L’alleanza Lse-Tmx si presenta più diversificata. C’è Borsa italiana che replica il modello a «silos verticale» di Deutsche Börse, con il listino azionario e obbligazionario retail, il mercato dei derivati, il post-trading di Montetitoli e Cassa di compensazione e garanzia, e l’aggiunta rilevante dell’Mts, il mercato all’ingrosso di bond e titoli di Stato: il tutto, secondo gli ultimi dati di bilancio pubblicati, contribuisce al 36% dei ricavi del gruppo Lse, contributo che si diluirà a un decimo con l’arrivo di Toronto. Londra è sostanzialmente mercato azionario tradizionale, con la recente aggiunta del circuito alternativo Turquoise.
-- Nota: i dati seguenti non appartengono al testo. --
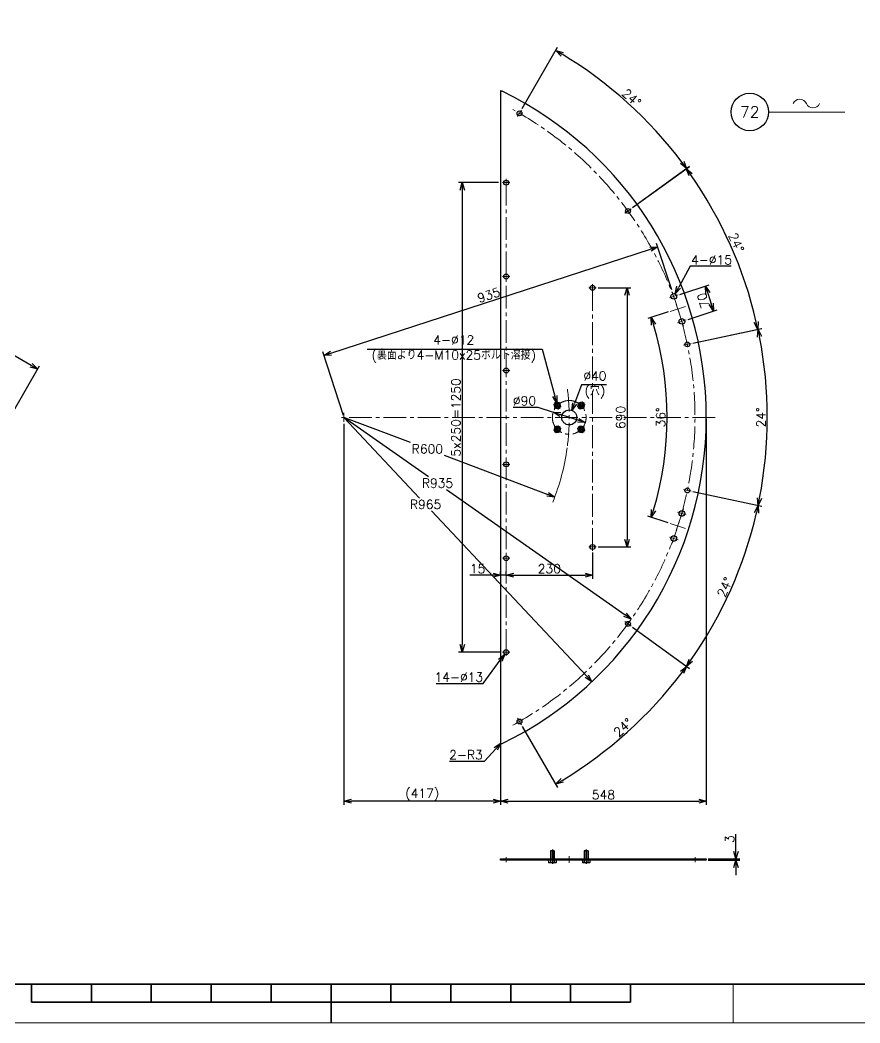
# Model space of a CAD drawing. Header units: millimetres. Extents: x 0 to 6626, y -38 to 4663.
# Drawn here: x 2588 to 4825, y 0 to 2670 of the extents above; entities that cross this region are included whole.
import ezdxf
from ezdxf import colors
from ezdxf.entities.mleader import LeaderData, LeaderLine
from ezdxf.enums import TextEntityAlignment as Align
from ezdxf.math import Vec2, Vec3

# ---------------------------------------------------------------- set-up
doc = ezdxf.new("R2010")
doc.units = ezdxf.units.MM
doc.header["$LTSCALE"] = 3.2
doc.header["$PDMODE"] = 99
doc.header["$PDSIZE"] = 1
doc.linetypes.add('CENTER2', pattern=[28.575, 19.05, -3.175, 3.175, -3.175])
doc.linetypes.add('HIDDEN', pattern=[9.525, 6.35, -3.175])
for name, color, linetype, lineweight in [('04_HIDDEN', 2, 'HIDDEN', 13), ('05_CENTER', 4, 'CENTER2', 13), ('08_DIM', 3, 'Continuous', 13), ('90_FRAME', 5, 'Continuous', 35)]:
    doc.layers.add(name, color=color, linetype=linetype, lineweight=lineweight)
doc.layers.add('10_DRAFT', color=8, linetype='Continuous', lineweight=0, plot=False)
doc.layers.add('91_BLANK', color=5, linetype='Continuous', lineweight=0, plot=False)
doc.styles.add('KANJI0', font='txt.shx', dxfattribs={"width": 0.9, "height": 30, "bigfont": 'bigfont'})
doc.styles.add('KSS_TXT', font='txt.shx', dxfattribs={"bigfont": 'extfont2.shx'})
doc.styles.add('KSS_TXT_L', font='txt.shx', dxfattribs={"height": 24, "bigfont": 'extfont2.shx'})
doc.styles.get("Standard").update_dxf_attribs({"font": 'txt.shx', "bigfont": 'extfont2.shx'})
doc.dimstyles.new('KSS_DIM', dxfattribs={"dimscale": 8, "dimtxt": 3, "dimasz": 2.5, "dimexe": 1.25, "dimexo": 0.625, "dimtad": 1, "dimdsep": 46, "dimtxsty": 'KSS_TXT', "dimblk": 'OPEN30', "dimcen": 0, "dimazin": 2, "dimtfac": 0.75, "dimtmove": 0, "dimatfit": 3, "dimldrblk": 'OPEN30', "dimfxl": 1.25, "dimtolj": 1, "dimarcsym": 0})
doc.dimstyles.new('KSS_DIM$3', dxfattribs={"dimscale": 8, "dimtxt": 3, "dimasz": 2.5, "dimexe": 1.25, "dimexo": 0.625, "dimtad": 1, "dimtih": 1, "dimtoh": 1, "dimdsep": 46, "dimtxsty": 'KSS_TXT', "dimblk": 'OPEN30', "dimcen": 0, "dimazin": 2, "dimtfac": 0.75, "dimtofl": 0, "dimtmove": 0, "dimatfit": 3, "dimldrblk": 'OPEN30', "dimfxl": 1.25, "dimtolj": 1, "dimarcsym": 0})
doc.dimstyles.new('KSS_DIM$4', dxfattribs={"dimscale": 8, "dimtxt": 3, "dimasz": 2.5, "dimexe": 1.25, "dimexo": 0.625, "dimtad": 1, "dimtih": 1, "dimtoh": 1, "dimdsep": 46, "dimtxsty": 'KSS_TXT', "dimblk": 'OPEN30', "dimcen": 0, "dimse1": 1, "dimazin": 2, "dimtfac": 0.75, "dimtofl": 0, "dimtmove": 0, "dimatfit": 3, "dimldrblk": 'OPEN30', "dimfxl": 1.25, "dimtolj": 1, "dimarcsym": 0})

# ---------------------------------------------------------------- blocks, each defined once
blk = doc.blocks.new('AM_BALLOON1')
at = {"transparency": 16777216}
blk.add_circle((0, 0), 5, dxfattribs=at)
blk.add_attdef('B_NUMBER', text='', height=3, dxfattribs=at).set_placement((0, 0), align=Align.MIDDLE_CENTER)
blk = doc.blocks.new('_OPEN')
at = {"color": 0, "linetype": 'ByBlock'}
for p, q in [((-1, 0.17), (0, 0)), ((0, 0), (-1, -0.17)), ((0, 0), (-1, 0))]:
    blk.add_line(p, q, dxfattribs=at)
blk = doc.blocks.new('M10Nua_1_1_1_1')
at = {"color": 0, "linetype": 'CENTER2'}
for p, q in [((11.1, 0), (-11.1, 0)), ((0, -11.1), (0, 11.1))]:
    blk.add_line(p, q, dxfattribs=at)
at = {"color": 0}
for p, q in [((-4.9, 8.5), (-9.8, 0)), ((-9.8, 0), (-4.9, -8.5)), ((-4.9, 8.5), (4.9, 8.5)), ((9.8, 0), (4.9, 8.5)), ((4.9, -8.5), (9.8, 0)), ((-4.9, -8.5), (4.9, -8.5))]:
    blk.add_line(p, q, dxfattribs=at)
for radius in [8.49, 5, 4]:
    blk.add_circle((0, 0), radius, dxfattribs=at)
at = {"layer": '10_DRAFT', "style": 'KANJI0', "width": 0.82}
blk.add_text('Ｍ１０', height=1.25, dxfattribs=at).set_placement((0.3, 0.1))
blk = doc.blocks.new('A$C6847864B')
at = {"color": 0}
for p, q in [((-9.8, 7), (9.8, 7)), ((-9.8, 0), (-9.8, 7)), ((-9.8, 0), (9.8, 0)), ((-4.9, 0), (-4.9, 7)), ((4.9, 0), (4.9, 7)), ((9.8, 0), (9.8, 7))]:
    blk.add_line(p, q, dxfattribs=at)
at = {"color": 0, "linetype": 'HIDDEN'}
for p, q in [((-5, -25), (-5, 0)), ((-4.2, -25), (-4.2, 0)), ((4.2, -25), (4.2, 0)), ((5, -25), (5, 0)), ((-5, -25), (5, -25))]:
    blk.add_line(p, q, dxfattribs=at)
at = {"color": 0, "linetype": 'CENTER2'}
blk.add_line((0, -28), (0, 10), dxfattribs=at)
at = {"layer": '10_DRAFT', "style": 'KSS_TXT_L'}
blk.add_text('BT-M10x25L', height=0.3, dxfattribs=at).set_placement((6.8, 6.7))
blk = doc.blocks.new('_Open30')
at = {"color": 0, "linetype": 'ByBlock', "lineweight": -2}
for p, q in [((-1, 0.27), (0, 0)), ((0, 0), (-1, -0.27)), ((0, 0), (-1, 0))]:
    blk.add_line(p, q, dxfattribs=at)
blk = doc.blocks.new('*D228')
at = {"layer": '08_DIM', "color": 0, "lineweight": -2, "transparency": 16777216}
for p, q in [((1777.6, 2125.5), (1830.3, 2216.8)), ((2617.7, 1750.7), (1842.6, 2198.2)), ((2563.4, 1616.5), (2640.1, 1749.3))]:
    blk.add_line(p, q, dxfattribs=at)
at = {"layer": 'Defpoints', "color": 0, "transparency": 16777216}
for p in [(1825.3, 2208.2), (1775.1, 2121.2), (2560.9, 1612.2)]:
    blk.add_point(p, dxfattribs=at)
at = {"layer": '08_DIM', "color": 0, "lineweight": -2, "transparency": 16777216, "xscale": 20, "yscale": 20, "zscale": 20}
for p, rotation in [((1825.3, 2208.2), 149.9999999661223), ((2635.1, 1740.7), 329.9999999661223)]:
    blk.add_blockref('_Open30', p, dxfattribs=dict(at, rotation=rotation))
at = {"layer": '08_DIM', "color": 0, "transparency": 16777216, "insert": (2238.7, 1989.1), "char_height": 24, "attachment_point": 5, "rotation": 330, "style": 'KSS_TXT'}
blk.add_mtext('\\A1;935', dxfattribs=at)
blk = doc.blocks.new('*D250')
at = {"layer": '08_DIM', "color": 0, "lineweight": -2, "transparency": 16777216}
for p, q in [((3416.2, 1783.3), (4267.4, 2059.9)), ((4323.7, 1951.4), (4283.3, 2075.6)), ((3449.2, 1616.9), (3394.1, 1786.7))]:
    blk.add_line(p, q, dxfattribs=at)
at = {"layer": 'Defpoints', "color": 0, "transparency": 16777216}
for p in [(4286.4, 2066.1), (4325.2, 1946.7), (3450.8, 1612.2)]:
    blk.add_point(p, dxfattribs=at)
at = {"layer": '08_DIM', "color": 0, "lineweight": -2, "transparency": 16777216, "xscale": 20, "yscale": 20, "zscale": 20}
for p, rotation in [((4286.4, 2066.1), 18.0000000338777), ((3397.2, 1777.2), 198.0000000338777)]:
    blk.add_blockref('_Open30', p, dxfattribs=dict(at, rotation=rotation))
at = {"layer": '08_DIM', "color": 0, "transparency": 16777216, "insert": (3836.5, 1937.8), "char_height": 24, "attachment_point": 5, "rotation": 18, "style": 'KSS_TXT'}
blk.add_mtext('\\A1;935', dxfattribs=at)
blk = doc.blocks.new('*D251')
at = {"layer": '08_DIM', "color": 0, "lineweight": -2, "transparency": 16777216}
for p, q in [((4219.3, 1053.8), (4371.1, 943.5)), ((3925.8, 789.4), (4019.6, 626.9))]:
    blk.add_line(p, q, dxfattribs=at)
blk.add_arc((3450.8, 1612.2), 1127.6, 301.0162, 322.9838, dxfattribs=at)
at = {"layer": 'Defpoints', "color": 0, "transparency": 16777216}
for p in [(4199.1, 1068.5), (4215.3, 1056.7), (3913.3, 811.1), (3923.3, 793.8), (4145, 723.6)]:
    blk.add_point(p, dxfattribs=at)
at = {"layer": '08_DIM', "color": 0, "lineweight": -2, "transparency": 16777216, "xscale": 20, "yscale": 20, "zscale": 20}
for p, rotation in [((4363, 949.4), 53.49188370455088), ((4014.6, 635.6), 210.5081162954524)]:
    blk.add_blockref('_Open30', p, dxfattribs=dict(at, rotation=rotation))
at = {"layer": '08_DIM', "color": 0, "transparency": 16777216, "insert": (4193.9, 786.8), "char_height": 24, "attachment_point": 5, "rotation": 42, "style": 'KSS_TXT'}
blk.add_mtext('\\A1;24%%d', dxfattribs=at)
blk = doc.blocks.new('*D252')
at = {"layer": '08_DIM', "color": 0, "lineweight": -2, "transparency": 16777216}
for p, q in [((4380, 1414.6), (4563.6, 1375.6)), ((4219.3, 1053.8), (4371.2, 943.4))]:
    blk.add_line(p, q, dxfattribs=at)
blk.add_arc((3450.8, 1612.2), 1127.7, 325.0162, 346.9838, dxfattribs=at)
at = {"layer": 'Defpoints', "color": 0, "transparency": 16777216}
for p in [(4355.6, 1419.8), (4375.1, 1415.7), (4199.1, 1068.5), (4446.5, 1082.7), (4215.3, 1056.7)]:
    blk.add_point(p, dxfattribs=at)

Tmx vuol dire la rete di Borse canadesi – che per numero di quotate, anche se non per capitalizzazione, supera addirittura Londra (3741 contro 2675) – mercato delle pmi, listino obbligazionario, derivati (c’è anche un mercato delle opzioni a Boston), tutti i servizi di post-trading e due mercati dell’energia.
Questo sulla carta, perchè la guerra dei listini non è stata finora avara di colpi di scena: non è escluso che il Nasdaq tenti di riportare la bandiera a stelle e strisce sul pennone di Wall Street. Prima di arrivare al traguardo le due SuperBorse dovranno comunque saltare più di un ostacolo. Per Nyse-DB il più insidioso è rappresentato dal quasi-monopolio che verrebbe a crearsi nei derivati europei, dato che le quote di Eurex e Liffe sommate arriverebbero al 94% dei prodotti azionari e addirittura al 98% nel reddito fisso. Il polo Lse-Tmx dovrà invece fare i conti con le autorità canadesi, preoccupate dello spostamento a Londra dei poteri decisionali, con l’atteggiamento guardingo delle autorità italiane e con il rammarico di chi vedrà finalmente nascere la Borsa dell’euro, ma senza Milano. In prospettiva resta anche l’incognita sul destino delle strutture di clearing, settlement e custodia titoli che fanno parte del patrimonio di Borsa Spa (mentre Londra ne è sguarnita). Nella ripartizione dei compiti, a Borsa italiana è stata assegnata la responsabilità del post-trading europeo (che però non riuscirà a sviluppare fino a quando non si scioglierà il nodo delle direttive Ue), ma anche Toronto ha le sue carte da giocare su questo tavolo: chi prevarrà alla lunga?